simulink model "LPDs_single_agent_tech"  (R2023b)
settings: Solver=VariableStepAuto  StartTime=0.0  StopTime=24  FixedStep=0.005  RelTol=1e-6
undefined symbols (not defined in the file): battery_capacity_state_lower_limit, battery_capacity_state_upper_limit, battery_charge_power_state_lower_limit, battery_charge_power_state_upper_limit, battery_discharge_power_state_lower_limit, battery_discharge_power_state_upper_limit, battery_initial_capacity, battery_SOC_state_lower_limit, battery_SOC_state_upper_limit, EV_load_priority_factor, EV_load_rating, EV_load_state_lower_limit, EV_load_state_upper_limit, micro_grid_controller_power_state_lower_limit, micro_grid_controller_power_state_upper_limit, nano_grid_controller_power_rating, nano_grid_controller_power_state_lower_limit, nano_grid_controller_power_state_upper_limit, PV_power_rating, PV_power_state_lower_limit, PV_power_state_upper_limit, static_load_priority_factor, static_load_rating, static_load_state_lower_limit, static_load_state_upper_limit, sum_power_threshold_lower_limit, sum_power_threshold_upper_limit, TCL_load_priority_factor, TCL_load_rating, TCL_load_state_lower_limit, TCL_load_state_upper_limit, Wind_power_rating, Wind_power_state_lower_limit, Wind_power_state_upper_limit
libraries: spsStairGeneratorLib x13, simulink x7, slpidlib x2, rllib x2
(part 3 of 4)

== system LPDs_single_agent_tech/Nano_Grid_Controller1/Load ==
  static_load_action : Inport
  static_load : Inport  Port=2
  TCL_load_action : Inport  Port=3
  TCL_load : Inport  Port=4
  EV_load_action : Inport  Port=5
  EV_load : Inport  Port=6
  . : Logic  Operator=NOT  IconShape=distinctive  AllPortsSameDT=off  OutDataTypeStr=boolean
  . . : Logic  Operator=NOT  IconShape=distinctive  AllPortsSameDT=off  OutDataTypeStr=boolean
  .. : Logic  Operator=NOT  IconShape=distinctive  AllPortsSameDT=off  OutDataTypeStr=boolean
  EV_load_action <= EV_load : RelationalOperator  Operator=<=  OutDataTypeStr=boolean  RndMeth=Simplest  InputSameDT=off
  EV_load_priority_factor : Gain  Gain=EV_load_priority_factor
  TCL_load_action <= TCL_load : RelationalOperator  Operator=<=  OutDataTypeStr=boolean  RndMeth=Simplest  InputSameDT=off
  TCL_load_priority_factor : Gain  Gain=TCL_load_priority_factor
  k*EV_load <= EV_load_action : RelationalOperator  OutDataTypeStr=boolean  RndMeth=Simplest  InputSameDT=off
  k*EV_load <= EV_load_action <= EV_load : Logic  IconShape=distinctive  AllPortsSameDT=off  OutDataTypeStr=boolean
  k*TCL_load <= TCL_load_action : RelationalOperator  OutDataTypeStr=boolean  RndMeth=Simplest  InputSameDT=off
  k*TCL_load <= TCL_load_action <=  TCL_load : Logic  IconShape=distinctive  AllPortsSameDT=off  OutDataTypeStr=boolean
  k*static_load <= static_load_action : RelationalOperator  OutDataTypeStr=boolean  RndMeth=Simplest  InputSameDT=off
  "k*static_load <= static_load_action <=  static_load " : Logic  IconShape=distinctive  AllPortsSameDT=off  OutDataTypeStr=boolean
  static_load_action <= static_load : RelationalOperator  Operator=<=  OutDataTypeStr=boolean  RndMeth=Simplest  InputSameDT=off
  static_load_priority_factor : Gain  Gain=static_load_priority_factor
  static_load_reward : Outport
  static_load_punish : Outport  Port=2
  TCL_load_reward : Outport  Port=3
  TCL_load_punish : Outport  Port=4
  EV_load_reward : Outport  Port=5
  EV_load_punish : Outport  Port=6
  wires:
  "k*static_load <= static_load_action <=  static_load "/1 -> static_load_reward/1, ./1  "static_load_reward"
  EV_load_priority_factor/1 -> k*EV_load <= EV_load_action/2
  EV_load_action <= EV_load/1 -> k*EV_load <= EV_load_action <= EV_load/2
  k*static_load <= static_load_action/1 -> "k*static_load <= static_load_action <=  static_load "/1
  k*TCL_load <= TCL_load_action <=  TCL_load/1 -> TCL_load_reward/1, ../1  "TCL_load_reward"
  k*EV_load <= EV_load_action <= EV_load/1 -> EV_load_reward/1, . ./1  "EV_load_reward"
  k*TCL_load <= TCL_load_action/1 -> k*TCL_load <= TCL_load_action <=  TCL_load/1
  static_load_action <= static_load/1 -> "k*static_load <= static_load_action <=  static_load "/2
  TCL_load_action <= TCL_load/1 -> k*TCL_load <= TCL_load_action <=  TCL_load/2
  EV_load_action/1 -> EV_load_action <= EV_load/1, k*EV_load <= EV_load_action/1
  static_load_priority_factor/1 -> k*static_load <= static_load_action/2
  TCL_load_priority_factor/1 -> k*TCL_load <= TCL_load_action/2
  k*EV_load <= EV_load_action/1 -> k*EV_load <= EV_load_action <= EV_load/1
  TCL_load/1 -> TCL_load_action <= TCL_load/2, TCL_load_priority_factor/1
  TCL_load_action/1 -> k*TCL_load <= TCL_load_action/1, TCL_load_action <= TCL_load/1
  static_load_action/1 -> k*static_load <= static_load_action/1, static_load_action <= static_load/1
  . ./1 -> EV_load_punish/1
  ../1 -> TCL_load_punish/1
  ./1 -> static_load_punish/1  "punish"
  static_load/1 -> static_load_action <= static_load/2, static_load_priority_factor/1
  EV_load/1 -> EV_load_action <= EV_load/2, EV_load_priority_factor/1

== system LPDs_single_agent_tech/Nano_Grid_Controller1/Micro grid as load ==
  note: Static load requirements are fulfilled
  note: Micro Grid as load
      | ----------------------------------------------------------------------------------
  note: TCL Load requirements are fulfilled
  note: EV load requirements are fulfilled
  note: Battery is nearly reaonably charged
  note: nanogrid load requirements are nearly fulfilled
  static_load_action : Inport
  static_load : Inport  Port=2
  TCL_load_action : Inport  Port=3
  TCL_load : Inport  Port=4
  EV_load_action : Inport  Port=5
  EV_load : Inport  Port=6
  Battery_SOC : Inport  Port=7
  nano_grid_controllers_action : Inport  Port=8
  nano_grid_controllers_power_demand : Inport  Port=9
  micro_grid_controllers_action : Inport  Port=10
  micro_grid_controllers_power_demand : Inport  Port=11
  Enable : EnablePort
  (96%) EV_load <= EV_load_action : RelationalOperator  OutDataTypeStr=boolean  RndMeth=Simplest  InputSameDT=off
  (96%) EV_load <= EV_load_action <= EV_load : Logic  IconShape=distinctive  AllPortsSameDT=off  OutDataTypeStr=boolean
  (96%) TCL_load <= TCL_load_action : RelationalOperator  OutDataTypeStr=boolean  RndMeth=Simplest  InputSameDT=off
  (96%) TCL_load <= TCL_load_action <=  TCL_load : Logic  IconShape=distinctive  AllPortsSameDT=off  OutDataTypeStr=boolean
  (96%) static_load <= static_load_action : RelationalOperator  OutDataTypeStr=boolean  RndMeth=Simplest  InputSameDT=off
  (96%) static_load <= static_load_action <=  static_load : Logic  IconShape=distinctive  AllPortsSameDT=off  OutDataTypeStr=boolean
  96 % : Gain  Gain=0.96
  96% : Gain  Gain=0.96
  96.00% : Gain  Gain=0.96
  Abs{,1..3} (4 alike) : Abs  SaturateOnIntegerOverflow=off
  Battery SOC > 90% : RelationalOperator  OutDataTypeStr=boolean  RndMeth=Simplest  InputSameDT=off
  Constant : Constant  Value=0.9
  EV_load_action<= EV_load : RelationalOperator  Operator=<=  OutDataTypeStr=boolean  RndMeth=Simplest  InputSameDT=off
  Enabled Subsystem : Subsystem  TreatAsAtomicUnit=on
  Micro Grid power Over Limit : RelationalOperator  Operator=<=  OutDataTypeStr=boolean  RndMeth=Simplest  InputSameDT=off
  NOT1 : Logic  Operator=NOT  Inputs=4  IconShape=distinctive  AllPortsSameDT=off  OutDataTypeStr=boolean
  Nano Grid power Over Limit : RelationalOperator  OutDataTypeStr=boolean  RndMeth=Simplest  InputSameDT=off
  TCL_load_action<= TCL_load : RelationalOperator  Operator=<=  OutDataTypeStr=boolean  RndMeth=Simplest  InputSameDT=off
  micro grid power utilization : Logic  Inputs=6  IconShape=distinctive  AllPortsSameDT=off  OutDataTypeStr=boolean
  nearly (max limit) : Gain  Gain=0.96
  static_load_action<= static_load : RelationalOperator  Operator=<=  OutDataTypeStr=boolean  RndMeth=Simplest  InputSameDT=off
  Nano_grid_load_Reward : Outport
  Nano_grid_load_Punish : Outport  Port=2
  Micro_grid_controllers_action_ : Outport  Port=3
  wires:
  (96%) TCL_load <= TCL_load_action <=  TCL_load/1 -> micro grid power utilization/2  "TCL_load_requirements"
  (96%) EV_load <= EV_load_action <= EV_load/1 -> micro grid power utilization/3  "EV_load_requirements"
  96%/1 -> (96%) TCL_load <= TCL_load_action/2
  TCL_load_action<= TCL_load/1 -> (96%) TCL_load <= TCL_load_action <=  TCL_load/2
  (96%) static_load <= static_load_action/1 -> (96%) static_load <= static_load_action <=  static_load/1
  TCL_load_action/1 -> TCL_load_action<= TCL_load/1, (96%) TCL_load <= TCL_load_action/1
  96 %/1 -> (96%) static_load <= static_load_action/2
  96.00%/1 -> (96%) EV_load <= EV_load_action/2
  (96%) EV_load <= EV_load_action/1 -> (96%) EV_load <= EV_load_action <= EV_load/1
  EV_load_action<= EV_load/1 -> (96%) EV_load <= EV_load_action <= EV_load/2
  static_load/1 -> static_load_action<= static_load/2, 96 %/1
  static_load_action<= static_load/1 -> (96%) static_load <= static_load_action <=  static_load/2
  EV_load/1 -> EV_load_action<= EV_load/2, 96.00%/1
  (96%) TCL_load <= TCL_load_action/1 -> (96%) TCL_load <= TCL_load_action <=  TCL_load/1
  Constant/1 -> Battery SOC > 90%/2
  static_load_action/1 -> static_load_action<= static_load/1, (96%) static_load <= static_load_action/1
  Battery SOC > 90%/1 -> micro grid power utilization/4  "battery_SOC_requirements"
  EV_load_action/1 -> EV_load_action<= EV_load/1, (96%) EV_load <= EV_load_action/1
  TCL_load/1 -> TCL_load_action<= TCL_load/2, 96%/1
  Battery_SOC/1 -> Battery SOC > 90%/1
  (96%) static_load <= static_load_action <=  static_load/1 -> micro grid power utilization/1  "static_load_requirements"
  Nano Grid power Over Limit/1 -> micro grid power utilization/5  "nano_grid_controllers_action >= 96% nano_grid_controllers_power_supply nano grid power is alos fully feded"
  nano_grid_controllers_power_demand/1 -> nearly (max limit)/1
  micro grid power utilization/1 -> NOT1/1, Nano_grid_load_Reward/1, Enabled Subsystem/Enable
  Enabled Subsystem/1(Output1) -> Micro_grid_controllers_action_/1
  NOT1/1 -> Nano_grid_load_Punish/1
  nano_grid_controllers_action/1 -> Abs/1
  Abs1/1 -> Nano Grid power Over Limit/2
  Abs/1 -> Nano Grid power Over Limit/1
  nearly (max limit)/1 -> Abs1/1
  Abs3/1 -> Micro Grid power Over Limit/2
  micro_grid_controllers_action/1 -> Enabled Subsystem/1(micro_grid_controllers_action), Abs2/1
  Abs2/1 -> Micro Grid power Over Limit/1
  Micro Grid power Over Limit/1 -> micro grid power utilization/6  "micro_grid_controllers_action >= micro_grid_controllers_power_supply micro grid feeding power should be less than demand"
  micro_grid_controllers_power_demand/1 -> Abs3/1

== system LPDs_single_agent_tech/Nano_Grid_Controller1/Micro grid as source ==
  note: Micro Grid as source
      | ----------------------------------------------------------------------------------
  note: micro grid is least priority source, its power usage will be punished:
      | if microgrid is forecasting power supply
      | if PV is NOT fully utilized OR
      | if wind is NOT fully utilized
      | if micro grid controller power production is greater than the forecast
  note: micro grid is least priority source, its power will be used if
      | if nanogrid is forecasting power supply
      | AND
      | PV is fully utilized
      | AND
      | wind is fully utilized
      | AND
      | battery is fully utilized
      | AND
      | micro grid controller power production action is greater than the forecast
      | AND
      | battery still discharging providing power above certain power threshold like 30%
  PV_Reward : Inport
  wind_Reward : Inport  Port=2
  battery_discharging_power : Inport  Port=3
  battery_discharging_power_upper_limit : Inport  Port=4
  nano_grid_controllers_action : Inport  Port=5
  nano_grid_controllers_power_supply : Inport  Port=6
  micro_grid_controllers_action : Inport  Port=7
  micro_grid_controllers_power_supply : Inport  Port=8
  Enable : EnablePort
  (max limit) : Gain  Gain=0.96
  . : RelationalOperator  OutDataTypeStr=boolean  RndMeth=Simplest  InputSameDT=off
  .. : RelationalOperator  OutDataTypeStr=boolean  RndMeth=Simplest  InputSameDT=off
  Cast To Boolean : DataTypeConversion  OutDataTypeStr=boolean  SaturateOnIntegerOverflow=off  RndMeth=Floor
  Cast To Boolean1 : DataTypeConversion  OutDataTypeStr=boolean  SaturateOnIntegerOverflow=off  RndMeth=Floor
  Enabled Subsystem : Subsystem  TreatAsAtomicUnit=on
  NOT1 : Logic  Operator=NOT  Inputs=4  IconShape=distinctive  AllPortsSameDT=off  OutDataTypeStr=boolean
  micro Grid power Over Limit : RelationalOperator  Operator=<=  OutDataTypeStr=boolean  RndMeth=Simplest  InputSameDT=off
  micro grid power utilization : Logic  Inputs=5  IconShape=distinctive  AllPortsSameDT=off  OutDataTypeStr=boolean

────────────────

## Task
All lines above from the one holding "TCL_load_priority_factor/1 -> k*TCL_load" to the one holding "<= TCL_load/2, TCL_load_priority_factor/1", inclusive, are to be copied exactly; no other line is wanted.

## Answer box
  TCL_load_priority_factor/1 -> k*TCL_load <= TCL_load_action/2
  k*EV_load <= EV_load_action/1 -> k*EV_load <= EV_load_action <= EV_load/1
  TCL_load/1 -> TCL_load_action <= TCL_load/2, TCL_load_priority_factor/1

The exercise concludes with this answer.